| What needs to be done |
Using the listing below, retype exactly the lines starting at the one with "constraint midpoint L5 origin" and ending at the one with "distance of L4 L8", and include both.

+--

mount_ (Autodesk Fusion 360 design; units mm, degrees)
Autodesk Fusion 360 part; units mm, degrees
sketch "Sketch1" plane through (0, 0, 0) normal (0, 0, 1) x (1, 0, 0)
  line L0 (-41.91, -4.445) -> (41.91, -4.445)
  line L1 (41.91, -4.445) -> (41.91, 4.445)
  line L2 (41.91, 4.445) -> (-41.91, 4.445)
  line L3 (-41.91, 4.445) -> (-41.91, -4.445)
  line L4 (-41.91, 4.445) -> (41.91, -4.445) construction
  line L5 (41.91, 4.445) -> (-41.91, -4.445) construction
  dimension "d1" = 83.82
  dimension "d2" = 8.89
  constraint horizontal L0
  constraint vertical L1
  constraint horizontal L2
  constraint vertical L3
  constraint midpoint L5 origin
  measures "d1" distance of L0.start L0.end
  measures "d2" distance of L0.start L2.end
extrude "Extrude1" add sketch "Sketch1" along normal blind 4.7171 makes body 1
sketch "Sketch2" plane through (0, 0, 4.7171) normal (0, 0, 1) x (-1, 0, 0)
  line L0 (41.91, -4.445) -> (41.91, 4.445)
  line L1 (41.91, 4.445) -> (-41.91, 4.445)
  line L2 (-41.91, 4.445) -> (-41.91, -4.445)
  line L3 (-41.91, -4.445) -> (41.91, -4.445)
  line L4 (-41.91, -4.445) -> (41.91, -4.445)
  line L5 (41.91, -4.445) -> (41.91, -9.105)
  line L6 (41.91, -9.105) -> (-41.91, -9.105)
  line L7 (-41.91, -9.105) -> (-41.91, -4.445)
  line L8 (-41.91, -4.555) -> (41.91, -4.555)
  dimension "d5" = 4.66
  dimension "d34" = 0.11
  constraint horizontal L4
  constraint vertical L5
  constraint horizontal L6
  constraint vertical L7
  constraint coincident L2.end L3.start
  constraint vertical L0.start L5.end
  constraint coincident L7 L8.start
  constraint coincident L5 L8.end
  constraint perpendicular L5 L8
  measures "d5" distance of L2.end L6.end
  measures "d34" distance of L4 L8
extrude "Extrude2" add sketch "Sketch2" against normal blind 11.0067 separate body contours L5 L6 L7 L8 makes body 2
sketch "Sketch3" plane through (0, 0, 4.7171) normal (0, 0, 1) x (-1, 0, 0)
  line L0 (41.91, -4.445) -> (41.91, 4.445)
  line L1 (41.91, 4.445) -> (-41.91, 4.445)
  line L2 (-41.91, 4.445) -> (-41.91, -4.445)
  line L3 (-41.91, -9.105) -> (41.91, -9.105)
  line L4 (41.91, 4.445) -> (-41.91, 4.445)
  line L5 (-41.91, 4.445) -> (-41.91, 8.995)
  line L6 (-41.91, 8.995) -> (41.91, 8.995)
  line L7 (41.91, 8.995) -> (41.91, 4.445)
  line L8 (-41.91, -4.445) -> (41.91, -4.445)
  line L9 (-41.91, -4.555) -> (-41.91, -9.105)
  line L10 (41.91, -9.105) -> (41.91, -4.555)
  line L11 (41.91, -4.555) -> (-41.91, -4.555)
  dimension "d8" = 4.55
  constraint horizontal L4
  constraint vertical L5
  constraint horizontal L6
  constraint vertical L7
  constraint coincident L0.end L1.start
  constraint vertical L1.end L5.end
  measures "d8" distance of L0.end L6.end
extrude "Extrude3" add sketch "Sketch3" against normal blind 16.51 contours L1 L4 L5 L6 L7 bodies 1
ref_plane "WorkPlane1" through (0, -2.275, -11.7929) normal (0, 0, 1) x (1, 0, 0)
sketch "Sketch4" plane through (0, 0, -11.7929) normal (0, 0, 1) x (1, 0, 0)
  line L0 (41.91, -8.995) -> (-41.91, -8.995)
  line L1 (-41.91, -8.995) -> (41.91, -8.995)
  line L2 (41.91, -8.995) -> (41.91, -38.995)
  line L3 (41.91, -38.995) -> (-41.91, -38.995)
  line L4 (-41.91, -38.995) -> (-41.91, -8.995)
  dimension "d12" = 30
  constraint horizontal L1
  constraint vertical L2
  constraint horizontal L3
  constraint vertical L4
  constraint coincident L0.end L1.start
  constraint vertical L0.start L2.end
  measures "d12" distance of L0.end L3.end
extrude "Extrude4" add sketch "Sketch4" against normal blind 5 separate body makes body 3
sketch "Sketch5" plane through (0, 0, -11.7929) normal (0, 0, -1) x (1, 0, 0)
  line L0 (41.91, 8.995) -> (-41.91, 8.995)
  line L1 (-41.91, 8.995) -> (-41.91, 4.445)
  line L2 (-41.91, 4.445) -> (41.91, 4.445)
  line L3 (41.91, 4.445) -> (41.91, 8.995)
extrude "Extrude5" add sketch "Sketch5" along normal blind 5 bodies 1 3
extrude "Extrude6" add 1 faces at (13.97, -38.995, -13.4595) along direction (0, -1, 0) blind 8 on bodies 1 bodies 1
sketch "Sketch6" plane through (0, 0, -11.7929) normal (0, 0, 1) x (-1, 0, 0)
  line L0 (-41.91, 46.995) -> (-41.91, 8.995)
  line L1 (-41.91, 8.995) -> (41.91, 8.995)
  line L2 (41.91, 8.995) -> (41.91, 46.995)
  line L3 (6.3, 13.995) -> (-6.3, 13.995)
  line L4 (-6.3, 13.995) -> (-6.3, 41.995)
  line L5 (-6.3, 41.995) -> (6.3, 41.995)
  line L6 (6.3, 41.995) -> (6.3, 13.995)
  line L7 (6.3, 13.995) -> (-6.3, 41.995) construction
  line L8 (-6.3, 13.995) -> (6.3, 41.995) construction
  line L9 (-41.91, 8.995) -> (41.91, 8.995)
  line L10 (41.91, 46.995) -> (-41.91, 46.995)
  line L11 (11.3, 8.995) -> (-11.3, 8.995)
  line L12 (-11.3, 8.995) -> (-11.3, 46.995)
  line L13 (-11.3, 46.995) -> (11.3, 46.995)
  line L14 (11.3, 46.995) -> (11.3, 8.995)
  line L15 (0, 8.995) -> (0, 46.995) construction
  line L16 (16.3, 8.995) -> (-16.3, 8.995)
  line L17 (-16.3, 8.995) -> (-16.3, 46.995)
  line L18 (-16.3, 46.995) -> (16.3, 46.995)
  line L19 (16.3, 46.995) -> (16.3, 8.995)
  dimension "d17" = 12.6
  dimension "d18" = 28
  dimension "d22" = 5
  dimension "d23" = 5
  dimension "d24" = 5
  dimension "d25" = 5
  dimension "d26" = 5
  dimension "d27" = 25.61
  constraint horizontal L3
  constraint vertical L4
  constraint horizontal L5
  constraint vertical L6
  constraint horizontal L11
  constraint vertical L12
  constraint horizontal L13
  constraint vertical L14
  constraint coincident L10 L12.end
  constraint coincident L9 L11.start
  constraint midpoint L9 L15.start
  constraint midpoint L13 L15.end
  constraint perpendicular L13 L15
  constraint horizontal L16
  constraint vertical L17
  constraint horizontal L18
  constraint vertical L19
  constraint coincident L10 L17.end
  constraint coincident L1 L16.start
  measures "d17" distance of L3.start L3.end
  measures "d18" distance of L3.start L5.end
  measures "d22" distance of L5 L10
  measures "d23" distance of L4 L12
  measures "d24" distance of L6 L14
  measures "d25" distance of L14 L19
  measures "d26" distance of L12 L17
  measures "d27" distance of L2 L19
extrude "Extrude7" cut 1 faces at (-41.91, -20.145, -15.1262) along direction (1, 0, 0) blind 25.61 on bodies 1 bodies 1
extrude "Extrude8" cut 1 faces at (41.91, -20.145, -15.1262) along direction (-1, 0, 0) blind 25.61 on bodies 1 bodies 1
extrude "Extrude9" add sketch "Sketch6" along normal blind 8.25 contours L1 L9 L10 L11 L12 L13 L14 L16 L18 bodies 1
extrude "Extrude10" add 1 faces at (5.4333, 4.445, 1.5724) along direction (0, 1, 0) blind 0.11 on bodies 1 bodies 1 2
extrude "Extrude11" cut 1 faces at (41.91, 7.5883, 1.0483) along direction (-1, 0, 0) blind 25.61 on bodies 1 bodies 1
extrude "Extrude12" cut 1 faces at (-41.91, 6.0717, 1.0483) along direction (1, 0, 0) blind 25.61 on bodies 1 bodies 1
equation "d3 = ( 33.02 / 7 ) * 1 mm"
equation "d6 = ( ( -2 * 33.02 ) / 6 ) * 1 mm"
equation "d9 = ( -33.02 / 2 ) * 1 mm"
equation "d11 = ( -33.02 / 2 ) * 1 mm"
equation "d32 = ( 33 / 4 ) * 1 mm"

+--

| Response to this exercise |
  constraint midpoint L5 origin
  measures "d1" distance of L0.start L0.end
  measures "d2" distance of L0.start L2.end
extrude "Extrude1" add sketch "Sketch1" along normal blind 4.7171 makes body 1
sketch "Sketch2" plane through (0, 0, 4.7171) normal (0, 0, 1) x (-1, 0, 0)
  line L0 (41.91, -4.445) -> (41.91, 4.445)
  line L1 (41.91, 4.445) -> (-41.91, 4.445)
  line L2 (-41.91, 4.445) -> (-41.91, -4.445)
  line L3 (-41.91, -4.445) -> (41.91, -4.445)
  line L4 (-41.91, -4.445) -> (41.91, -4.445)
  line L5 (41.91, -4.445) -> (41.91, -9.105)
  line L6 (41.91, -9.105) -> (-41.91, -9.105)
  line L7 (-41.91, -9.105) -> (-41.91, -4.445)
  line L8 (-41.91, -4.555) -> (41.91, -4.555)
  dimension "d5" = 4.66
  dimension "d34" = 0.11
  constraint horizontal L4
  constraint vertical L5
  constraint horizontal L6
  constraint vertical L7
  constraint coincident L2.end L3.start
  constraint vertical L0.start L5.end
  constraint coincident L7 L8.start
  constraint coincident L5 L8.end
  constraint perpendicular L5 L8
  measures "d5" distance of L2.end L6.end
  measures "d34" distance of L4 L8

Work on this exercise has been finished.